### Data records ###

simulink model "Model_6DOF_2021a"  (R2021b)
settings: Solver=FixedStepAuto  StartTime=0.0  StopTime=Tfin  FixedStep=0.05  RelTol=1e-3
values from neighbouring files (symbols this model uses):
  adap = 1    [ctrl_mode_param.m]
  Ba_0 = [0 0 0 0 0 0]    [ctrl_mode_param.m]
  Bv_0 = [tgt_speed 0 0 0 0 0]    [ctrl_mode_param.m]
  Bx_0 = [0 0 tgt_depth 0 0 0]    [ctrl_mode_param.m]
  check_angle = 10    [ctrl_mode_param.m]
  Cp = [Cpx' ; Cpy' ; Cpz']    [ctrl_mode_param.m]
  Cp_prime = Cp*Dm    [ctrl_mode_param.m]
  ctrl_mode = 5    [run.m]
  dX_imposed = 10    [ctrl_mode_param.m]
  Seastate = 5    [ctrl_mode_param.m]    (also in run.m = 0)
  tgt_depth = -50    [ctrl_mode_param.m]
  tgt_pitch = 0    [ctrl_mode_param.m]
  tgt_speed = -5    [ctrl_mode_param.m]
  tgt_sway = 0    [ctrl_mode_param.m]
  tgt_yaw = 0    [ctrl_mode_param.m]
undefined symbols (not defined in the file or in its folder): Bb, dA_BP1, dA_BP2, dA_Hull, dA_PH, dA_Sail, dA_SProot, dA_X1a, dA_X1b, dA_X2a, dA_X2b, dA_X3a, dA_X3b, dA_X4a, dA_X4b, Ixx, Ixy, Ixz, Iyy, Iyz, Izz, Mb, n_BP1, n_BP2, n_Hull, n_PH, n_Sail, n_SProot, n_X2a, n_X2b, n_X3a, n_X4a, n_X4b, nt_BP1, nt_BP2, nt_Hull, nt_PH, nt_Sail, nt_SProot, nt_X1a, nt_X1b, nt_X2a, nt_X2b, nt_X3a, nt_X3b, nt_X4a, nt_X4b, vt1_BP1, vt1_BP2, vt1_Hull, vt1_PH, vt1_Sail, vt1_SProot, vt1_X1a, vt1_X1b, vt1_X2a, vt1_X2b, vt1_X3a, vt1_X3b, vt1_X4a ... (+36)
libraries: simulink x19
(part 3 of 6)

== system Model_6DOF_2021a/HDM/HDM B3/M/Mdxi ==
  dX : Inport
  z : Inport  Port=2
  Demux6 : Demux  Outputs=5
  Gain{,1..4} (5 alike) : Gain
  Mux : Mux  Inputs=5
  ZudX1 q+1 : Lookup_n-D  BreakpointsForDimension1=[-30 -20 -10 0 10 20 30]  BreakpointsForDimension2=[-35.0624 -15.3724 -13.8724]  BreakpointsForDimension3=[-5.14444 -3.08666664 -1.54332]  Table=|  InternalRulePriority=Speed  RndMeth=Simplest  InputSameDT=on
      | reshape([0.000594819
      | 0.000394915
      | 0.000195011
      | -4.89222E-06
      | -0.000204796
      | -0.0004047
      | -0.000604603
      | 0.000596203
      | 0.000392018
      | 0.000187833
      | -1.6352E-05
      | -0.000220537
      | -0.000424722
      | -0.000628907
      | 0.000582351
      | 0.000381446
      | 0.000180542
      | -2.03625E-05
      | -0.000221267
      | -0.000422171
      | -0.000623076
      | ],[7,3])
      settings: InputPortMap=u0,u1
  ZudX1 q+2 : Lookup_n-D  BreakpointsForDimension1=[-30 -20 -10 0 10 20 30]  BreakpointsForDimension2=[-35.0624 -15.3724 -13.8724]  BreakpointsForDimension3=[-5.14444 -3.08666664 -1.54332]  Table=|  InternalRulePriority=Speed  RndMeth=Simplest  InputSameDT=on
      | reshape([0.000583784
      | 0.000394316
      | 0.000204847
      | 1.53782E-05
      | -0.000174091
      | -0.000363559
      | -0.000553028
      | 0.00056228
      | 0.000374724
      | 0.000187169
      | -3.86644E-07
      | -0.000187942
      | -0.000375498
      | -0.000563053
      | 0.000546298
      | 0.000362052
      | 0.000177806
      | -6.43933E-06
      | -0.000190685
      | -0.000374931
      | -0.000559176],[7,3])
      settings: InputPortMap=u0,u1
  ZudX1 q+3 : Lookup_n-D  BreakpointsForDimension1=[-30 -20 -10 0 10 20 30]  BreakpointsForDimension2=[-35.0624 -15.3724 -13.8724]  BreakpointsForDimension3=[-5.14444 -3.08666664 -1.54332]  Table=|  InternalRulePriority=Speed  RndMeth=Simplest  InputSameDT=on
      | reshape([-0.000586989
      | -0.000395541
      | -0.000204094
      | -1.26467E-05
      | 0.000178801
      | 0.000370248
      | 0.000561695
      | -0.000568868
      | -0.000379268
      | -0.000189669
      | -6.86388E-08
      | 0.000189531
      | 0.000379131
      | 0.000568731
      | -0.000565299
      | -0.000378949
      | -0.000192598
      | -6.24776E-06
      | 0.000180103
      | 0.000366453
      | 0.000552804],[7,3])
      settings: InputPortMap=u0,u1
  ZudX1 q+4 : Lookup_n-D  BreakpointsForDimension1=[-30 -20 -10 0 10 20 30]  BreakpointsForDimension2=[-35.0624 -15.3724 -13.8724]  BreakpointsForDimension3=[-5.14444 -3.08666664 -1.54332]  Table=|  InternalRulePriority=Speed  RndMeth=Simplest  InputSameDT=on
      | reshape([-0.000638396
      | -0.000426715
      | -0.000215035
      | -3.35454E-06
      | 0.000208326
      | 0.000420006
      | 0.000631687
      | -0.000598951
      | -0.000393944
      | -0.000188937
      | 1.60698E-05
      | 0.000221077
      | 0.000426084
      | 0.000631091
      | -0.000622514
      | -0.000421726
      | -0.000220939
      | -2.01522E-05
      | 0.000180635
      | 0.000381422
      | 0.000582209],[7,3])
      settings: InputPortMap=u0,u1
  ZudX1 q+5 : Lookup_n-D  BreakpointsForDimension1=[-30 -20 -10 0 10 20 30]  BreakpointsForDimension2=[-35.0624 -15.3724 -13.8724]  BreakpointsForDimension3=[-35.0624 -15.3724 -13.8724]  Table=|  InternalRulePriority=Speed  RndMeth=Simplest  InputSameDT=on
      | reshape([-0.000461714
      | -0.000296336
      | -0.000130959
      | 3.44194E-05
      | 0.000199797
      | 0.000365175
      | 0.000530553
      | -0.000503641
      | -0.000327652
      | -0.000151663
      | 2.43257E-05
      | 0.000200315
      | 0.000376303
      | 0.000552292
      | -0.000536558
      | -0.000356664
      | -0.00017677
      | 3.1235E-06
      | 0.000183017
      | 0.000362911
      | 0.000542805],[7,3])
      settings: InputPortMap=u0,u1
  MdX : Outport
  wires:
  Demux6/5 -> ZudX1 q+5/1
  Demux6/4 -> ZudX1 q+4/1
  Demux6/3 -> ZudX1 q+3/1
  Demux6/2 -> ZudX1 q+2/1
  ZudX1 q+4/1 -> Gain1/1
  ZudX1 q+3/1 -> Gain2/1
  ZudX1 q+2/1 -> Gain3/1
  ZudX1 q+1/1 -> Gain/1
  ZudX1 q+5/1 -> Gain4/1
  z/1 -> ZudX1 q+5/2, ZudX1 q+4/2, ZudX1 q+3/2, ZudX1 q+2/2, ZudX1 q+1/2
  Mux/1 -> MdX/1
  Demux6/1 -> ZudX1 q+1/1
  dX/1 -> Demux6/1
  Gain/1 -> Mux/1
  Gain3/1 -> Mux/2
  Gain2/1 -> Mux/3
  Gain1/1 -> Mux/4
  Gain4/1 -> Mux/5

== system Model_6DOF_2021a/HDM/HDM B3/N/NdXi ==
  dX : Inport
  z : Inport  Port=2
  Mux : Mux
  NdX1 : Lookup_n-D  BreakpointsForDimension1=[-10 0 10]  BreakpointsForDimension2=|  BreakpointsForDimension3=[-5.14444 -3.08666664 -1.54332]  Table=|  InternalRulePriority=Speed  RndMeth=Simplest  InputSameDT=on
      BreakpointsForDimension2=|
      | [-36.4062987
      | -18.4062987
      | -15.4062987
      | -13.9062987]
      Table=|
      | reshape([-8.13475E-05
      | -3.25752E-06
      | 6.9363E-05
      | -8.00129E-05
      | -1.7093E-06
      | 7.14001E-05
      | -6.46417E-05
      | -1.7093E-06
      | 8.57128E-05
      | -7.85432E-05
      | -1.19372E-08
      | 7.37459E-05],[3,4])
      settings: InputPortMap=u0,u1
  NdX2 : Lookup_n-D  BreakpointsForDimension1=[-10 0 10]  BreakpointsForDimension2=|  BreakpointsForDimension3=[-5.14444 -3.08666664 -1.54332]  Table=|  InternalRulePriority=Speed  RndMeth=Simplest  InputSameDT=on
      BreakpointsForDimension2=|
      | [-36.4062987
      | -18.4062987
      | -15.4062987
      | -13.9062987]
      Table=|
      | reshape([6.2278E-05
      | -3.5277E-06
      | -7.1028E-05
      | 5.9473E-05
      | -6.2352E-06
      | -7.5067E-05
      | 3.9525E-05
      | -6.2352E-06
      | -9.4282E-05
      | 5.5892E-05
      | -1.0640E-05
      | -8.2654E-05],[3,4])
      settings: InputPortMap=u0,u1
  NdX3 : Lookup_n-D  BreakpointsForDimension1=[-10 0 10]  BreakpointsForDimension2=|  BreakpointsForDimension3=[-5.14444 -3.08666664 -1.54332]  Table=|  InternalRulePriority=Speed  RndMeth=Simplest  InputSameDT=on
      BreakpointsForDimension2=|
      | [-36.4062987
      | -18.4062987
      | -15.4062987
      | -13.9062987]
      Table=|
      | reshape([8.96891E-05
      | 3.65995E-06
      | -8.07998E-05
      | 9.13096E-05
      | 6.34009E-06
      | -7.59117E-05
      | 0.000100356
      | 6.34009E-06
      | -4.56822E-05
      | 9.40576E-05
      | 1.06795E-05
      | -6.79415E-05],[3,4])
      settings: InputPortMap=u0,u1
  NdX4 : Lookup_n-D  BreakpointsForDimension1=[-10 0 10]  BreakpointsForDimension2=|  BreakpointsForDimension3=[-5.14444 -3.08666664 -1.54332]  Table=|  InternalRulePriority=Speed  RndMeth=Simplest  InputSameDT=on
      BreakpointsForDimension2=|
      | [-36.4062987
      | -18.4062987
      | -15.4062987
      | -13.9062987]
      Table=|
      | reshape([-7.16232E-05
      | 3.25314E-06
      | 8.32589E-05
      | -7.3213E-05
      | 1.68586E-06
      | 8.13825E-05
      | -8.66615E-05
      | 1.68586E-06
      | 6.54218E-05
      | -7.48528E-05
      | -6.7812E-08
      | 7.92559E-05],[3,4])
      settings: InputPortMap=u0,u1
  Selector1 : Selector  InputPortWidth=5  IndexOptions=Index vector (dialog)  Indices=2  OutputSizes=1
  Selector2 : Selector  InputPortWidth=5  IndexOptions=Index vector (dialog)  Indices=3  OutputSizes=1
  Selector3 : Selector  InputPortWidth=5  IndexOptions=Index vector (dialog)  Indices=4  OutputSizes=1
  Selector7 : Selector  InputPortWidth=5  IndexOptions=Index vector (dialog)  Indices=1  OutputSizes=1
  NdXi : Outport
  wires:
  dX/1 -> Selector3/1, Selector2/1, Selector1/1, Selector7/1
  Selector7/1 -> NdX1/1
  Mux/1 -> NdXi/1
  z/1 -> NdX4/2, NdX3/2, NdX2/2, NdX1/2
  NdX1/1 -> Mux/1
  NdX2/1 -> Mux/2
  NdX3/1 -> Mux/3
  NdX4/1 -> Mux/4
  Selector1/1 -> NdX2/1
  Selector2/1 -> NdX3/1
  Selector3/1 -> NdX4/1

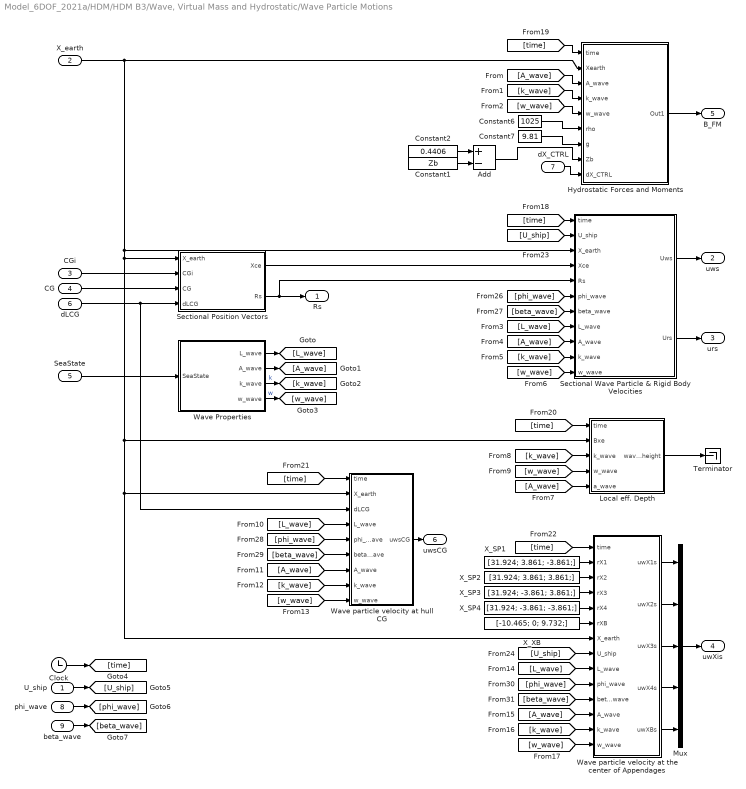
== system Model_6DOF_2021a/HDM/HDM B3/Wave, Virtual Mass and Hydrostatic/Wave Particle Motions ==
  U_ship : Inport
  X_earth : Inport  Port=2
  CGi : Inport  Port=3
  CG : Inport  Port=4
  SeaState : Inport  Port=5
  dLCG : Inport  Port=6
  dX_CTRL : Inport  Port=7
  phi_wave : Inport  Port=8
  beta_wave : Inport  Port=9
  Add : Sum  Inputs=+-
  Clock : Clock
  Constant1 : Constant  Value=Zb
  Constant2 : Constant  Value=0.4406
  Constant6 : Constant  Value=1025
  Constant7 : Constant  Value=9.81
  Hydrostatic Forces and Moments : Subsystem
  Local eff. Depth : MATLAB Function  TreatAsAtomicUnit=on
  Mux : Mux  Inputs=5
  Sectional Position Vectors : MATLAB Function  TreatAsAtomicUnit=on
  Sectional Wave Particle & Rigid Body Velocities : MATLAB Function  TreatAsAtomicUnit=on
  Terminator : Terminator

###

What is being asked: Go through the listing above and find each line that contains "Particle", then copy it.

Answer area:
== system Model_6DOF_2021a/HDM/HDM B3/Wave, Virtual Mass and Hydrostatic/Wave Particle Motions ==
  Sectional Wave Particle & Rigid Body Velocities : MATLAB Function  TreatAsAtomicUnit=on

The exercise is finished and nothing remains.